When Nyong’o and Erlanger met last autumn, a little early buzz was building around Nyong’o’s role in 12 Years A Slave. “I had read a bit about it and I knew she was a dear friend of Michelle’s,” says Erlanger. “She seemed an intelligent, beautiful woman.” She is cautious about discussing her famous client further; her job depends on trust and discretion. Nevertheless, their meeting was a match made in heaven. With Nyong’o’s openness and ability to work every colour and shape, and Erlanger’s knack for translating high-end fashion to the red carpet, the pair got on a seriously stylish roll. There Nyong’o was at the Golden Globes in crimson-caped Ralph Lauren; in luminous, embellished aquamarine Gucci at the Screen Actors Guild Awards; popping over to London in emerald Dior for the Baftas. Every look was simple and sleek with a fashion-forward twist.

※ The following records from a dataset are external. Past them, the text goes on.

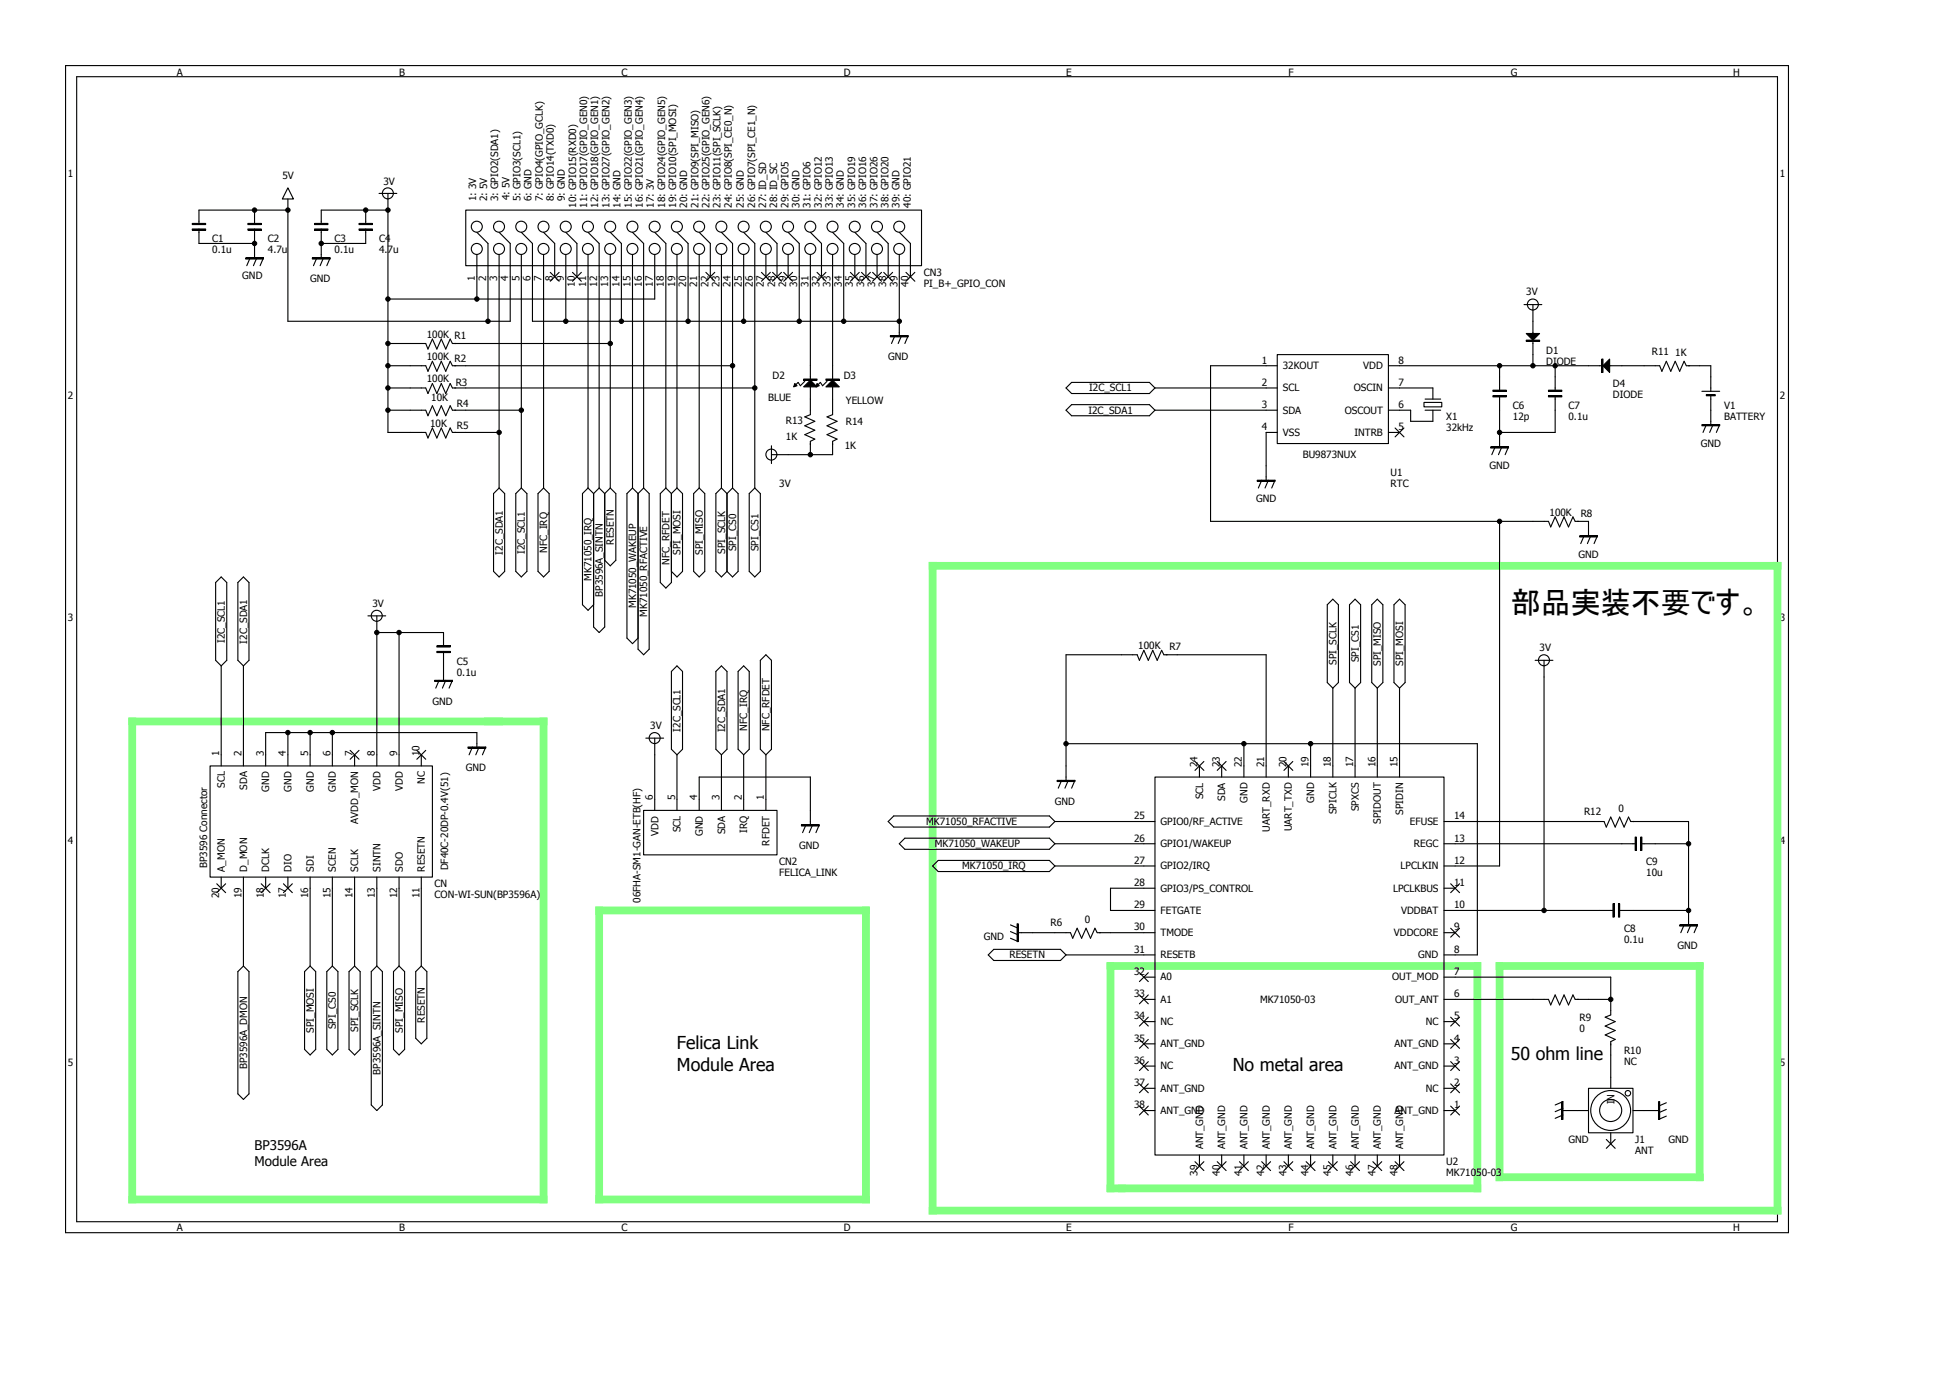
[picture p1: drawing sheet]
<svg xmlns="http://www.w3.org/2000/svg" width="297mm" height="210mm" viewBox="0 0 297 210" stroke-linecap="round" stroke-linejoin="round" font-family="sans-serif">
<g fill="none" stroke="#000" stroke-width=".17">
<path d="M10 10h262.4v177.8h-262.4zM11.7 11.7h259.1v174.4h-259.1zM29.3 34h2v.2h-2zM29.3 34.9h2v.2h-2zM29.3 34.1h2M29.3 35h2M30.3 34.9v2.2h8.5M37.4 39.3h2.7v.2h-2.7zM37.4 39.4h2.7M37.8 34h2v.2h-2zM37.8 34.9h2v.2h-2zM37.8 34.1h2"/>
<path d="M37.8 35h2M38.1 39.3l-.5 1.2M38.8 32v2M38.8 34.9v4.4M39.1 39.3l-.5 1.2M40.1 39.3l-.5 1.2M43.9 28.6l.8 1.7h-1.7zM43.9 30.3v18.6h33.8v-11.8l-1.7-1.7M43.9 32h-13.6v2M47.6 39.3h2.7v.2h-2.7zM47.6 39.4h2.7M47.9 34h2.1v.2h-2.1z"/>
<path d="M47.9 34.9h2.1v.2h-2.1zM47.9 34.1h2.1M47.9 35h2.1M48.3 39.3l-.6 1.2M48.9 34.9v4.4M49.3 39.3l-.5 1.2M50.3 39.3l-.5 1.2M54.7 34h2v.2h-2zM54.7 34.9h2v.2h-2zM54.7 34.1h2M54.7 35h2M55.7 32v2"/>
<path d="M55.7 34.9v2.2h-6.8M57.7 29.5h2.7M59.1 29.5v36.4h5.8l.3 .8 .7-1.5 .6 1.5 .7-1.5 .7 1.5 .7-1.5 .3 .7h7.1M59.1 32h-10.2v2M70.9 32h69.5v8.5h-69.5zM72.6 38.8v6.8M72.6 35.4l1.7 1.7v11.8M76 38.8v35.5M79.4 38.8v35.5M79.4 35.4l1.7 1.7v11.8h55.9M82.8 38.8v35.5M82.8 35.4l1.7 1.7v5.1"/>
<path d="M86.2 38.8v10.1M86.2 35.4l1.7 1.7v5.1M89.6 38.8v35.5M89.6 35.4l1.7 1.7v37.2M93 38.8v35.5M93 35.4l1.7 1.7v11.8M96.3 38.8v35.5M96.3 35.4l1.7 1.7v37.2M99.7 38.8v6.8h-40.6M99.7 35.4l1.7 1.7v37.2M103.1 38.8v35.5M103.1 35.4l1.7 1.7v11.8"/>
<path d="M106.5 38.8v35.5M106.5 35.4l1.7 1.7v5.1M109.9 38.8v35.5M109.9 35.4l1.7 1.7v37.2M113.3 35.4l1.7 1.7v37.2M113.3 38.8v10.1M116.7 38.8v3.4M116.7 35.4l1.7 1.7v5.1M120.1 38.8v3.4M120.1 35.4l1.6 1.7v11.8M123.4 38.8v18.9M123.4 35.4l1.7 1.7v5.1"/>
<path d="M126.8 38.8v18.9M126.8 35.4l1.7 1.7v11.8M130.2 38.8v3.4M130.2 35.4l1.7 1.7v5.1M133.6 38.8v3.4M133.6 35.4l1.7 1.7v5.1M137 38.8v12.3M137 35.4l1.7 1.7v5.1M59.1 55.7h5.8l.3 .9 .7-1.6 .6 1.6 .7-1.6 .7 1.6 .7-1.6 .3 .7h42.7M59.1 59.1h5.8l.3 .8 .7-1.5 .6 1.5 .7-1.5 .7 1.5 .7-1.5 .3 .7h46.1M59.1 52.3h5.8l.3 .9 .7-1.6 .6 1.6 .7-1.6 .7 1.6 .7-1.6 .3 .7h24.1M83.8 41.5l1.4 1.3"/>
<path d="M85.2 41.5l-1.4 1.3M87.2 41.5l1.4 1.3M88.6 41.5l-1.4 1.3M107.5 41.5l1.4 1.3M108.9 41.5l-1.4 1.3M116 41.5l1.3 1.3M117.3 41.5l-1.3 1.3M117.7 41.5l1.3 1.3M119 41.5l-1.3 1.3M119.4 41.5l1.3 1.3M120.7 41.5l-1.3 1.3M121.1 58.4l.3 .4-.5 .1z"/>
<path d="M122.4 58.9l1-1 1.1 1zM122.4 57.7h2.1v.2h-2.1zM122.4 57.8h2.1M122.6 58.1l-.7 .7-.3-.5-.5 .5M123.4 58.9v4.3l-.8 .3 1.5 .7-1.5 .7 1.5 .6-1.5 .7 1.5 .7-.7 .3v2.1M124.5 58.4l.3 .4-.5 .1zM124.5 41.5l1.3 1.3M125.8 57.7h2v.2h-2zM125.8 41.5l-1.3 1.3M125.8 57.8h2M126 58.1l-.7 .7-.3-.5-.5 .5M126.8 57.9l1 1h-2z"/>
<path d="M126.8 58.9v4.3l-.8 .3 1.5 .7-1.5 .7 1.5 .6-1.5 .7 1.5 .7-.7 .3v2.1h-9.3M129.5 41.5l1.4 1.3M130.9 41.5l-1.4 1.3M131.2 41.5l1.4 1.3M132.6 41.5l-1.4 1.3M132.9 41.5l1.4 1.3M134.3 41.5l-1.4 1.3M134.6 41.5l1.4 1.3M135.6 51.1h2.7v.2h-2.7zM135.6 51.2h2.7M136 41.5l-1.4 1.3M136.3 51.1l-.5 1.2"/>
<path d="M137.3 51.1l-.5 1.2M138 41.5l1.4 1.3M138.3 51.1l-.5 1.2M139.4 41.5l-1.4 1.3M162.4 59.1l.8-.8h11.9l.8 .8-.8 .8h-11.9zM175.9 59.1h18.7M194.6 54h16.9v13.6h-16.9zM194.6 55.7h-10.2v23.7h51.5l.3 .9 .7-1.6 .7 1.6 .6-1.6 .7 1.6 .7-1.6 .3 .7h2.1v2.2M211.5 55.7h32.5M211.5 59.1h6.8v1.7M227.4 59.4h2v.2h-2zM227.4 59.5h2"/>
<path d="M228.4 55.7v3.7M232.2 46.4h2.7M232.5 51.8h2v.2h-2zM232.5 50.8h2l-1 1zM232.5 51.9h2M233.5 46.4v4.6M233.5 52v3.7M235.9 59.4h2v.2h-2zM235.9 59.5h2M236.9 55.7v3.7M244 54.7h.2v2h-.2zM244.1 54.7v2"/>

Nyong’o and Erlanger began planning that Oscars look in December last year. For six weeks, sketches, moodboards and ideas whizzed between Prada HQ and Erlanger’s studio. “There is a lot of back and forth about the colour, the silhouette, the shape.” The finished product is shipped to Los Angeles a week before the ceremony for final fittings. Despite all this prep, the celebrity client might not make the final decision on what they’re wearing until the day itself. “It’s a little anxiety-inducing!” says Erlanger. Then there are last-minute emergencies. Recently, Erlanger had to sew a client into her dress on the way to an event when her zip broke. Hence she carries a “surprise kit” – a bag packed with needles and thread, Spanx, double-sided tape… her fashion toolbox.
During awards season, she and her team get little to no sleep. “But do I still love it? Of course.” Things seem calmer today, though with Nyong’o gearing up for the Met Ball, Erlanger’s on the phone to Milan organising that headline-grabbing green and brown beaded Prada number.
She’d never push a client to wear something, though she does coax them to try new things. “If I love something and they’re not keen, I just say, ‘That’s fine, but let’s revisit it as I think there’s something special here.’” She always tries to include a little vintage on her rail, which she sources from a treasure trove called New York Vintage near her office. “I also like clothes that define the waist. Otherwise, I have no real no-nos.” This means her clients never have an identikit, styled-by-numbers look. “If you [overdo] it, a client will lose their personality. For me, it’s about highlighting their natural beauty and getting the right amount of surprise. It should be polished, but not done to the nines,” she says. “It’s not a beauty pageant.”
Micaela's Top 5 Lupita Looks
In Calvin Klein at the Critics Choice Awards
"You have to have a slammin' body to pull this look off. I loved seeing her in something so minimal and cool."
In Ralph Lauren at the Golden Globes
"This was a really bold choice that I think put her on the map. It was so modern and clean."
In Chanel at the MTV Movie Awards
"I don't think anyone other than Lupita could have worn this dress so well. It was cool but playful - perfect for the MTV Awards."
In Gucci at the SAGS
"With that floral lattice over the neck, we didn't need any extra fuss - just the dress and Lupita."
In Prada at the Oscars
"It couldn't have been more perfectly suited to her personality, or more romantic."